◆ Work item:
Report how many lines in the data include "picture", with the number as the only reply.

_ _ _ _ _

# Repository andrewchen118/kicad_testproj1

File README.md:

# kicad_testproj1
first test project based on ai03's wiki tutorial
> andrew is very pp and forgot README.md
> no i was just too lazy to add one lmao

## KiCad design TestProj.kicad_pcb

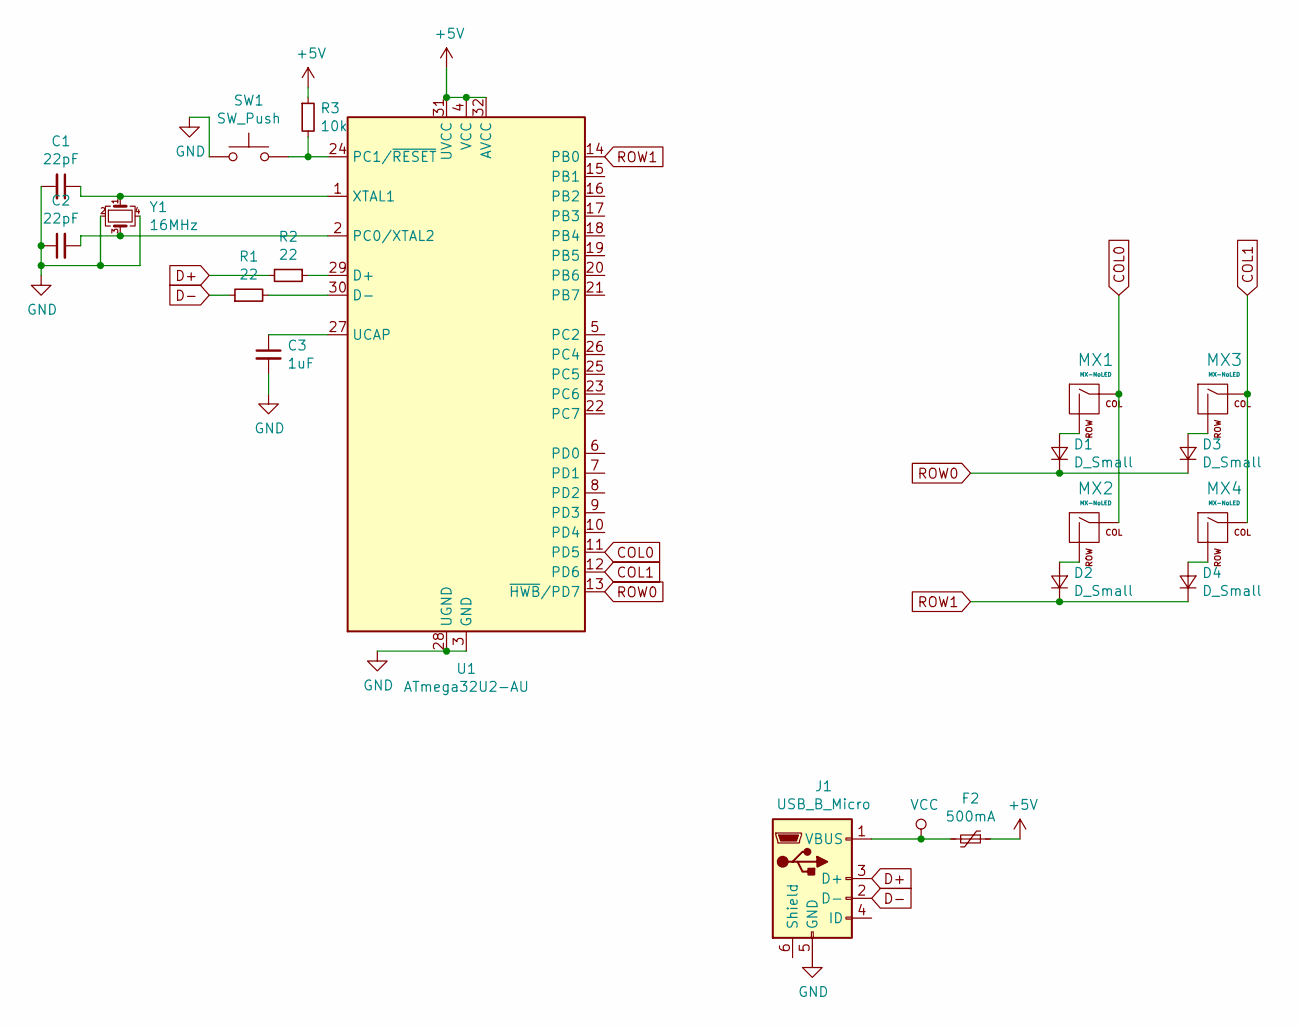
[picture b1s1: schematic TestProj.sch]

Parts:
C1, C2: 22pF; C_0805_2012Metric_Pad1.15x1.40mm_HandSolder
C3: 1uF; C_0805_2012Metric_Pad1.15x1.40mm_HandSolder
D1, D2, D3, D4: D_Small; D_SOD-123
F2: 500mA; Fuse_1206_3216Metric
J1: USB_B_Micro; USB_Micro-B_Amphenol_10103594-0001LF_Horizontal
MX1, MX2, MX3, MX4: MX-NoLED; MXOnly-1U
R1, R2: 22; R_0805_2012Metric_Pad1.15x1.40mm_HandSolder
R3: 10k; R_0805_2012Metric_Pad1.15x1.40mm_HandSolder
SW1: SW_Push; SKQG-1155865
U1: ATmega32U2-AU; TQFP-32_7x7mm_P0.8mm
Y1: 16MHz; Crystal_SMD_3225-4Pin_3.2x2.5mm_HandSoldering

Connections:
+5V: F2.1, R3.1, U1.4 (VCC), U1.31 (UVCC), U1.32 (AVCC)
COL0: MX1.1 (COL), MX2.1 (COL), U1.11 (PD5)
COL1: MX3.1 (COL), MX4.1 (COL), U1.12 (PD6)
D+: J1.3 (D+), R2.2
D-: J1.2 (D-), R1.1
GND: C1.2, C2.1, C3.2, J1.5 (GND), SW1.1, U1.3 (GND), U1.28 (UGND), Y1.2, Y1.4
unnamed: C1.1, U1.1 (XTAL1), Y1.1
unnamed: C2.2, U1.2 (PC0/XTAL2), Y1.3
unnamed: C3.1, U1.27 (UCAP)
unnamed: D1.2 (A), MX1.2 (ROW)
unnamed: D2.2 (A), MX2.2 (ROW)
unnamed: D3.2 (A), MX3.2 (ROW)
unnamed: D4.2 (A), MX4.2 (ROW)
unnamed: R1.2, U1.30 (D-)
unnamed: R2.1, U1.29 (D+)
unnamed: R3.2, SW1.2, U1.24 (PC1/~RESET)
ROW0: D1.1 (K), D3.1 (K), U1.13 (~HWB~/PD7)
ROW1: D2.1 (K), D4.1 (K), U1.14 (PB0)
VCC: F2.2, J1.1 (VBUS)

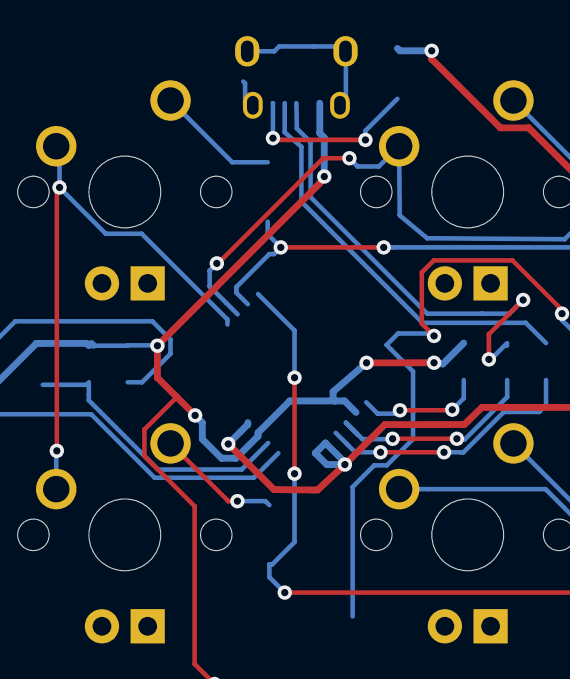
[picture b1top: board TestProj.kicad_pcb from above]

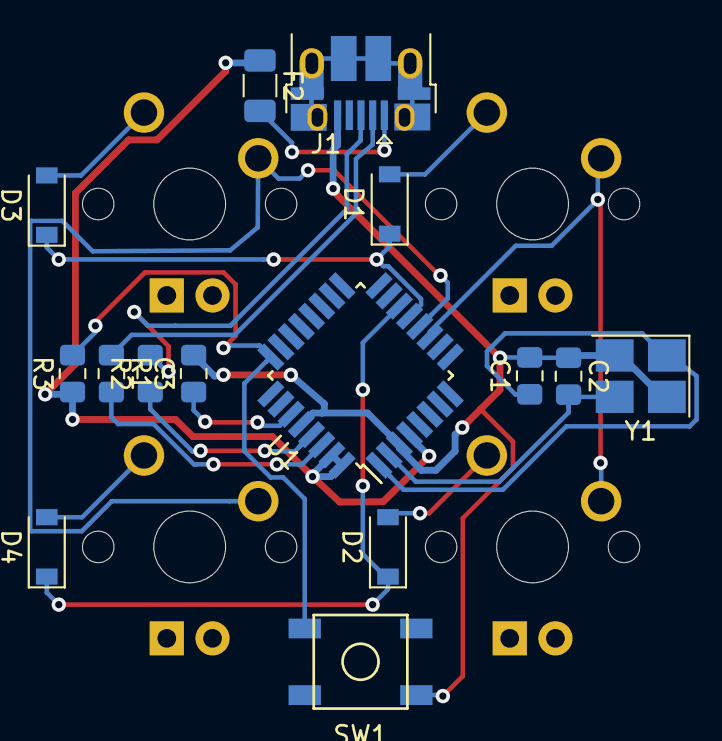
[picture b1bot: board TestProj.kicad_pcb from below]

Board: 2 copper layers, 19 parts (15 on the bottom side), 19 nets.

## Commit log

2019-08-06 add submodules: ai03 footprint libraries
2019-08-06 add symbol and footprint paths
2019-08-06 schematic finished + pcb footprints mapped
2019-08-06 fix dupe switches
2019-08-07 early pcb routing
2019-08-10 starting from scratch with atmega32u2
2019-08-11 a poor routing job 8)

_ _ _ _ _

◆ Output for this exercise:
3